(Records from a data source)
____________

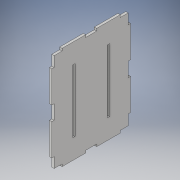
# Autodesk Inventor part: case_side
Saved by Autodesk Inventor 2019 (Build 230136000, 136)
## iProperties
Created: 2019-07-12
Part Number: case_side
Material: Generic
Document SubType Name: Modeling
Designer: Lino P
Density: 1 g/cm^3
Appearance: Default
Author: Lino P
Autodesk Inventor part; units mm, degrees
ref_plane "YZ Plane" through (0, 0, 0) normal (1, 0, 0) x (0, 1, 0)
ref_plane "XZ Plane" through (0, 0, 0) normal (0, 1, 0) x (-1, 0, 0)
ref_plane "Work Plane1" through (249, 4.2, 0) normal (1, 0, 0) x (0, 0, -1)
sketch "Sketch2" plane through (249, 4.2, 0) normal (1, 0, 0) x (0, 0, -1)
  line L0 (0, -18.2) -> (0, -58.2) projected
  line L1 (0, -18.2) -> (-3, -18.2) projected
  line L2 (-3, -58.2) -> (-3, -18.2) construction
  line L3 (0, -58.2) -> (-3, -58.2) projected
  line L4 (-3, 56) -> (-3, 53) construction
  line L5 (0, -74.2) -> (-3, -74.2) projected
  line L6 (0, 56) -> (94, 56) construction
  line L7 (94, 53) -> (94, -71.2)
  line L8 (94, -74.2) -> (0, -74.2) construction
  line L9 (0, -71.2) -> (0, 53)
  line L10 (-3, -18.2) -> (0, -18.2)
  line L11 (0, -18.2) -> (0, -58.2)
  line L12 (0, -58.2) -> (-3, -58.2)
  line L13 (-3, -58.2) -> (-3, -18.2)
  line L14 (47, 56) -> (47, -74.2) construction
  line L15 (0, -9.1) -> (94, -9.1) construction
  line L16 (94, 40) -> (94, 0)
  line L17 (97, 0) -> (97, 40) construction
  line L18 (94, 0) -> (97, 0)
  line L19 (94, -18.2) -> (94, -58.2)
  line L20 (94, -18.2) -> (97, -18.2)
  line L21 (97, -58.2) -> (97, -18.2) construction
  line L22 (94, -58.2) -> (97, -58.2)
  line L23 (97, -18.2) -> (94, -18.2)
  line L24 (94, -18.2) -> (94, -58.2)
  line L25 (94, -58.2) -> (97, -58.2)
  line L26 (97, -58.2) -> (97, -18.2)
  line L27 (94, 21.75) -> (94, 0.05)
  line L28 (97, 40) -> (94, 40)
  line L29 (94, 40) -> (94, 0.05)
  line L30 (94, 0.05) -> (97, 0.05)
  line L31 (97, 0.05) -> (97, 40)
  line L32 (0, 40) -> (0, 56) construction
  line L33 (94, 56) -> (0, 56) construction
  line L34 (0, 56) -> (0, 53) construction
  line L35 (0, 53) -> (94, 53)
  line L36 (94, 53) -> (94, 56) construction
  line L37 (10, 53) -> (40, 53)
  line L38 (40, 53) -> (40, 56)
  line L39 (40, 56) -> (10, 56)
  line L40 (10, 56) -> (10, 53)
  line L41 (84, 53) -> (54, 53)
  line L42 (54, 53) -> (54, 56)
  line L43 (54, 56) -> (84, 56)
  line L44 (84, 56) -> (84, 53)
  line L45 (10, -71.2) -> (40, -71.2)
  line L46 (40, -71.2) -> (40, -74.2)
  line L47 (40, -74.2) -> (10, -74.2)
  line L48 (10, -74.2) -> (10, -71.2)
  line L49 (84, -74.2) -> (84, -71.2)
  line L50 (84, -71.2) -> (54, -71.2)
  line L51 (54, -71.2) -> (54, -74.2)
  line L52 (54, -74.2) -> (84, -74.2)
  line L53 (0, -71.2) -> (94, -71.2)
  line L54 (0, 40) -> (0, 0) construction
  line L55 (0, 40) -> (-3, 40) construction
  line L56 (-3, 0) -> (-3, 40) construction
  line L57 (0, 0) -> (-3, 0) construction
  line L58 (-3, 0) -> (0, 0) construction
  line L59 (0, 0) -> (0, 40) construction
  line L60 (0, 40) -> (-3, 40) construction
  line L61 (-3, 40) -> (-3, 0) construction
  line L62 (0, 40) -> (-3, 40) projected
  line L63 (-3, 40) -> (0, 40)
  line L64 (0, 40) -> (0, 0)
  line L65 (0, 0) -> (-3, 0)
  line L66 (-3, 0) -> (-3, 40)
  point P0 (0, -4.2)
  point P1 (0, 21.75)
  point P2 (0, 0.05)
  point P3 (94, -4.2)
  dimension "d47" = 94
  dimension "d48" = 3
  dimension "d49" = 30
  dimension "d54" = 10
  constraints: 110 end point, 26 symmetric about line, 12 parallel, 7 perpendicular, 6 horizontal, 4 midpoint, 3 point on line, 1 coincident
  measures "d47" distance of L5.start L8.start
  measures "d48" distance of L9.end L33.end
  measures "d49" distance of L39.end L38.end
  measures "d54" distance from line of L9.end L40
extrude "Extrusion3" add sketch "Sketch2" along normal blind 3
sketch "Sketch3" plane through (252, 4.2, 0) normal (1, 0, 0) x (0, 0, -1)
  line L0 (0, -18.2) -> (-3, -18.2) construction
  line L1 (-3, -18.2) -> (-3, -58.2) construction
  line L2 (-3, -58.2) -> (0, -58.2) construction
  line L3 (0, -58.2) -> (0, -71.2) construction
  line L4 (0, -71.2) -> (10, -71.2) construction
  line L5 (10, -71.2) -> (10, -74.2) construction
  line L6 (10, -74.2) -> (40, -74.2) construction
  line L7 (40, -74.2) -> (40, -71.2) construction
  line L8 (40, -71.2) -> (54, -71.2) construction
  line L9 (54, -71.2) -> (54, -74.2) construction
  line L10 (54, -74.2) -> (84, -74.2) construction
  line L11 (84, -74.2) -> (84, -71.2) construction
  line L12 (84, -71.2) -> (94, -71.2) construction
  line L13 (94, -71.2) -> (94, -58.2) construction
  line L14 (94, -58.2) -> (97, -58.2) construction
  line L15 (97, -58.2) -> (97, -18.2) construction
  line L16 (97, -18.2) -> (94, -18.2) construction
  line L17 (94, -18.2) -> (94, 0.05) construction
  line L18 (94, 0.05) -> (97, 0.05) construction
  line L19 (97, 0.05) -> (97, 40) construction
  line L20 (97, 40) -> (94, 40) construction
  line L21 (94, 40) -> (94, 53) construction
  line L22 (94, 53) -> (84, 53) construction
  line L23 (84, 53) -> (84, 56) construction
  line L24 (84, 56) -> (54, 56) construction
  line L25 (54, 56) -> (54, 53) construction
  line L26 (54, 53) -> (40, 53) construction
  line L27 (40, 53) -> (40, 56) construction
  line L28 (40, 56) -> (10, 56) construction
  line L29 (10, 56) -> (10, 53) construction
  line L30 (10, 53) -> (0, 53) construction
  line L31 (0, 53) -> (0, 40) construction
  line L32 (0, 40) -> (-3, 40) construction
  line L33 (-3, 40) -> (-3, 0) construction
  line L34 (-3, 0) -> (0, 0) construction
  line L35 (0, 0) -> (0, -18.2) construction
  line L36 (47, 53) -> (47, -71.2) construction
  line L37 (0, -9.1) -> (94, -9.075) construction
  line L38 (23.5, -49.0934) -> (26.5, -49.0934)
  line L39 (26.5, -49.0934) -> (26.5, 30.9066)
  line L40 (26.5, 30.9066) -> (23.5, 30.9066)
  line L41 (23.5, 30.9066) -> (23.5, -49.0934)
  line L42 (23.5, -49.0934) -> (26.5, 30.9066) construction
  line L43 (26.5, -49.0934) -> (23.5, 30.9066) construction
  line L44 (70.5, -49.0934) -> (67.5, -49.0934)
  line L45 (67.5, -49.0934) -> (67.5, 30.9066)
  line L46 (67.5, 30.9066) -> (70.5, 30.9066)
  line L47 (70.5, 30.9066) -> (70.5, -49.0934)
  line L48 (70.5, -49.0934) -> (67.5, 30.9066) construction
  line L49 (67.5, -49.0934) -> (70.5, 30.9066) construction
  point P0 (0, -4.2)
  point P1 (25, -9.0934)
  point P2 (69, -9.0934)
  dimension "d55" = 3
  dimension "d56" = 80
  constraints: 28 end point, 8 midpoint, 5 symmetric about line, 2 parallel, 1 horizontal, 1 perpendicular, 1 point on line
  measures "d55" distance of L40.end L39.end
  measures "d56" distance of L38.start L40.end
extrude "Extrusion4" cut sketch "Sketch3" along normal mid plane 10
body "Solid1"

____________

[Instructions to follow] Going through the entries above, count the lines that include "perpendicular" and state only the result.

[Solution to this exercise] 2